Went to South Texas on a bowhunt Sunday Monday 
Last night sitting in a tripod,, two nice Aoudad's came in from behind me, jumped the fence and laid up in the trap,, they got up and I watched them 30 minutes before I took my shot,, could have shot either one....

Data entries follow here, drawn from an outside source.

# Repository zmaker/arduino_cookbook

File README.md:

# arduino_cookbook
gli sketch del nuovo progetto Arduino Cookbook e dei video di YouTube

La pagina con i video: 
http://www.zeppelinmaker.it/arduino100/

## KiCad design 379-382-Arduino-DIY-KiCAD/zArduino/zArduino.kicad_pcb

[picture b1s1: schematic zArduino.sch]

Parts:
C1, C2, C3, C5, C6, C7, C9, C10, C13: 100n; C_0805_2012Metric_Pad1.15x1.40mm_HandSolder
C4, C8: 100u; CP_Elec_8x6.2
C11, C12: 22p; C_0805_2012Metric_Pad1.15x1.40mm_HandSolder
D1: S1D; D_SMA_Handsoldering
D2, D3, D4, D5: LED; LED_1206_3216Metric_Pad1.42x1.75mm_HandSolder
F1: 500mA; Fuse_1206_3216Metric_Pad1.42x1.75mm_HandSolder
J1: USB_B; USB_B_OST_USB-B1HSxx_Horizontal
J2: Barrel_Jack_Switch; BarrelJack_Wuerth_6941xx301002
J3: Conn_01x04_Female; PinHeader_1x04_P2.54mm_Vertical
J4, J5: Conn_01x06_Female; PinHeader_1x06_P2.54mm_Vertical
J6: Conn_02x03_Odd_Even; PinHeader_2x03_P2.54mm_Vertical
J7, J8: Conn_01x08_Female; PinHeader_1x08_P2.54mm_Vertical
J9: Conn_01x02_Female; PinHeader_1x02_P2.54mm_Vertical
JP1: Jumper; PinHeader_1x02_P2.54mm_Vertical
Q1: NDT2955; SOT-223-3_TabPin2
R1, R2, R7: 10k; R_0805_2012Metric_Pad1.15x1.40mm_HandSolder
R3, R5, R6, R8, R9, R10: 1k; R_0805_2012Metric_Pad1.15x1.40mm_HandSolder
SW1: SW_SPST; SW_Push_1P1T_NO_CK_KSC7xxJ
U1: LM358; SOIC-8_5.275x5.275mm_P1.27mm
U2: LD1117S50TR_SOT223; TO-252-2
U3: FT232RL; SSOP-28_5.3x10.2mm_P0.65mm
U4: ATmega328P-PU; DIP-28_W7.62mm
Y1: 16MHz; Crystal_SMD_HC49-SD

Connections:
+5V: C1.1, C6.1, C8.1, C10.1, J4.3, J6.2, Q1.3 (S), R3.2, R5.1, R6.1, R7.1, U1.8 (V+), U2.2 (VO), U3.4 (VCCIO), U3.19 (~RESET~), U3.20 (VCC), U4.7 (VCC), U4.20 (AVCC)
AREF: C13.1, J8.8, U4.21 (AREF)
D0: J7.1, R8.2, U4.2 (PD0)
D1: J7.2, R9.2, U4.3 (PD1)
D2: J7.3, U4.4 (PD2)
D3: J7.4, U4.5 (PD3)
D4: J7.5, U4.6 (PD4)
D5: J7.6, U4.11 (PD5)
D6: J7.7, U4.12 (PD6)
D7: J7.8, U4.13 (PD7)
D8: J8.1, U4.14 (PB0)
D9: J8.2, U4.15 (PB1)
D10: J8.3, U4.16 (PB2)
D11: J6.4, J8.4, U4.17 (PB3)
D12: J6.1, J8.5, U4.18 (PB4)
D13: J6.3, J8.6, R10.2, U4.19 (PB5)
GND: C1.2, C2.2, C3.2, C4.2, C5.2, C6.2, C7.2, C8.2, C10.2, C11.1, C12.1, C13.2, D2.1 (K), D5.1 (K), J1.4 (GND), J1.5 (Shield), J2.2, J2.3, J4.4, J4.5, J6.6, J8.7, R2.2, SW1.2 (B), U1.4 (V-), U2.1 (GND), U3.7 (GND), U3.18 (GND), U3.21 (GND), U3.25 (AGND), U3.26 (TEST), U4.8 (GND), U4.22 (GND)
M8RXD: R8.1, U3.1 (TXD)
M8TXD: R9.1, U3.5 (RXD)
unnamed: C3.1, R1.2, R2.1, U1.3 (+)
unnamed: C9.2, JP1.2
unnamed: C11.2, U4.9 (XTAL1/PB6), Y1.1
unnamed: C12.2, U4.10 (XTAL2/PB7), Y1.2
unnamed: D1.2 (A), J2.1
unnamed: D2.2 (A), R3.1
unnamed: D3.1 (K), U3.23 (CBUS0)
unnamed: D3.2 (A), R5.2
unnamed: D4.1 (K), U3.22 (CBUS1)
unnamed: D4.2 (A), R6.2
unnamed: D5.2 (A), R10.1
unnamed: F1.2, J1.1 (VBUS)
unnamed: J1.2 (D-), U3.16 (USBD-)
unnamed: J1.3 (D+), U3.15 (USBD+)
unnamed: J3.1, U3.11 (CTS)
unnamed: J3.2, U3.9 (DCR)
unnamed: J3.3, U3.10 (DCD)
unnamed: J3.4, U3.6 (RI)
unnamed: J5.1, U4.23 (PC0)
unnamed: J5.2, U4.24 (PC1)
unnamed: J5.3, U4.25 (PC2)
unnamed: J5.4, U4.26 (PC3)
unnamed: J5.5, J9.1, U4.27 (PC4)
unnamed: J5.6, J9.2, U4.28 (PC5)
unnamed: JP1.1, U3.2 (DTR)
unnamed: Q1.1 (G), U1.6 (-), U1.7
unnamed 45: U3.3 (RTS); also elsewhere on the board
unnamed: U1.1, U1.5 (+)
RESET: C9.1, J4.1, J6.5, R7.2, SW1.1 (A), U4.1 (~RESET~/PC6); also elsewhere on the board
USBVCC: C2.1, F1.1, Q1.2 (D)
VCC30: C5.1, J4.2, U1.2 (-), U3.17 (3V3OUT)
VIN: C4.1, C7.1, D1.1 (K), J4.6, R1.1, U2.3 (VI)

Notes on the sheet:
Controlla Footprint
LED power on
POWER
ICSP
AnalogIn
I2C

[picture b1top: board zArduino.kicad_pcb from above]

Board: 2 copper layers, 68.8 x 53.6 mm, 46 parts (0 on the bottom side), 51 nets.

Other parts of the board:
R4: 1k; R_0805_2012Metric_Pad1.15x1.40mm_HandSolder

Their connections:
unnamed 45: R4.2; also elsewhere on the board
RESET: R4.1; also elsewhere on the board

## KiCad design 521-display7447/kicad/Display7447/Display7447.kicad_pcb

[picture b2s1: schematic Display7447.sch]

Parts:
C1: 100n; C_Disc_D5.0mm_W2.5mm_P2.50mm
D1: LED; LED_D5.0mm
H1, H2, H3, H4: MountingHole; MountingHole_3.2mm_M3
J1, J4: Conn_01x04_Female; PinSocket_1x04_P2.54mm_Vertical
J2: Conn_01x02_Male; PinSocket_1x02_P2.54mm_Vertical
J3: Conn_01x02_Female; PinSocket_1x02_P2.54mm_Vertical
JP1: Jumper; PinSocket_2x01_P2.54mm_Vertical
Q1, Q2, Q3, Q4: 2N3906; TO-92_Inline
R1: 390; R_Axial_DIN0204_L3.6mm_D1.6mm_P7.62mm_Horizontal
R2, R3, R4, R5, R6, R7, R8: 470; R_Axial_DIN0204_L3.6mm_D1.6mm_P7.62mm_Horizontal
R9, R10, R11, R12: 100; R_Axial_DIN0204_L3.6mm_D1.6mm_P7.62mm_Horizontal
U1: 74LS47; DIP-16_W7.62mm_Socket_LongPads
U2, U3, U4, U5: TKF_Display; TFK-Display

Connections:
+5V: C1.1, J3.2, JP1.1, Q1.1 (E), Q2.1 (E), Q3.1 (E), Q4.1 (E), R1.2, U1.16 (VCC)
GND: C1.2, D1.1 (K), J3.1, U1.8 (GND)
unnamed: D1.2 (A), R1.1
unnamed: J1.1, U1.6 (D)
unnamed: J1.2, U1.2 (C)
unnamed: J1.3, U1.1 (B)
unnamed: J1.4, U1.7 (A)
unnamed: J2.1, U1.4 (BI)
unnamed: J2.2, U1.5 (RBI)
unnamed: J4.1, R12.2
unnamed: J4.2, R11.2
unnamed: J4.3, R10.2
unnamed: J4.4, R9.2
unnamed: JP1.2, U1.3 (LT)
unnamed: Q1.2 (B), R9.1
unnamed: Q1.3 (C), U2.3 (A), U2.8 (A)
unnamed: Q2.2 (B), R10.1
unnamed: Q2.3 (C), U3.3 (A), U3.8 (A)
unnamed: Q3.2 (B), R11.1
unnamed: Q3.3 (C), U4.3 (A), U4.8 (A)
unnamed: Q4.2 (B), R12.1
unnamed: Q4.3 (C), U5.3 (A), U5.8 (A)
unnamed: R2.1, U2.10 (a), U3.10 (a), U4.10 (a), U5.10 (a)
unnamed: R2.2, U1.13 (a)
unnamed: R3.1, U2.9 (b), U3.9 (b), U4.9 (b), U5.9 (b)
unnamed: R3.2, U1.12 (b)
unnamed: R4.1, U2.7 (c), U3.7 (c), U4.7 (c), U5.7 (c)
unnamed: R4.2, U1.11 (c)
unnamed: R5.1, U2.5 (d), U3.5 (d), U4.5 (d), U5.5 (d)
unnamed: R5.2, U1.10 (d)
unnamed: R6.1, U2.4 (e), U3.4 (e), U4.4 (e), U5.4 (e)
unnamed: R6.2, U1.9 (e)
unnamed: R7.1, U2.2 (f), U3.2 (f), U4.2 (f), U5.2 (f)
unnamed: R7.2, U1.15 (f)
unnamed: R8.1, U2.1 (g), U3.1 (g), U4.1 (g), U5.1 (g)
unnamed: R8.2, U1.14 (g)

Proud of the kill,, perfect shot for a part time bowhunter


----------



## Squid94 (Nov 15, 2010)

Good job!


----------



## Nwilkins (Jan 18, 2009)

Before


----------



## Nwilkins (Jan 18, 2009)

After


----------



## dbarham (Aug 13, 2005)

Wtg Neil!

Sent from my SM-G955U using Tapatalk


----------



## pg542 (Oct 9, 2006)

Good work sir! Where is this?


----------



## bzrk180 (Jan 7, 2008)

nice!!


----------



## bubbas kenner (Sep 4, 2010)

Very nice thanks for showing


----------



## BretE (Jan 24, 2008)

Good job Pro....Congrats!!!


----------



## DCAVA (Aug 5, 2013)

Nice trophy!!


----------



## texastkikker (Dec 24, 2008)

heck yeah!


----------



## Trouthunter (Dec 18, 1998)

Good job Neil! Nice goat and one less corn thief in the area.

TH


----------



## Nwilkins (Jan 18, 2009)

pg542 said:


> Good work sir! Where is this?


A nice ranch in Brackettville


----------



## cva34 (Dec 22, 2008)

Congrats Mon!


----------



## SaltyCabron (Jul 1, 2013)

Very nice congrats


----------



## Swampus (Sep 1, 2005)

Cool Hunt!
Nice goat!


----------



## coup de grace (Aug 7, 2010)

Yes sir.


----------



## Dick Hanks (Aug 16, 2007)

That's a nice Aoudad with any weapon... especially nice with a bow.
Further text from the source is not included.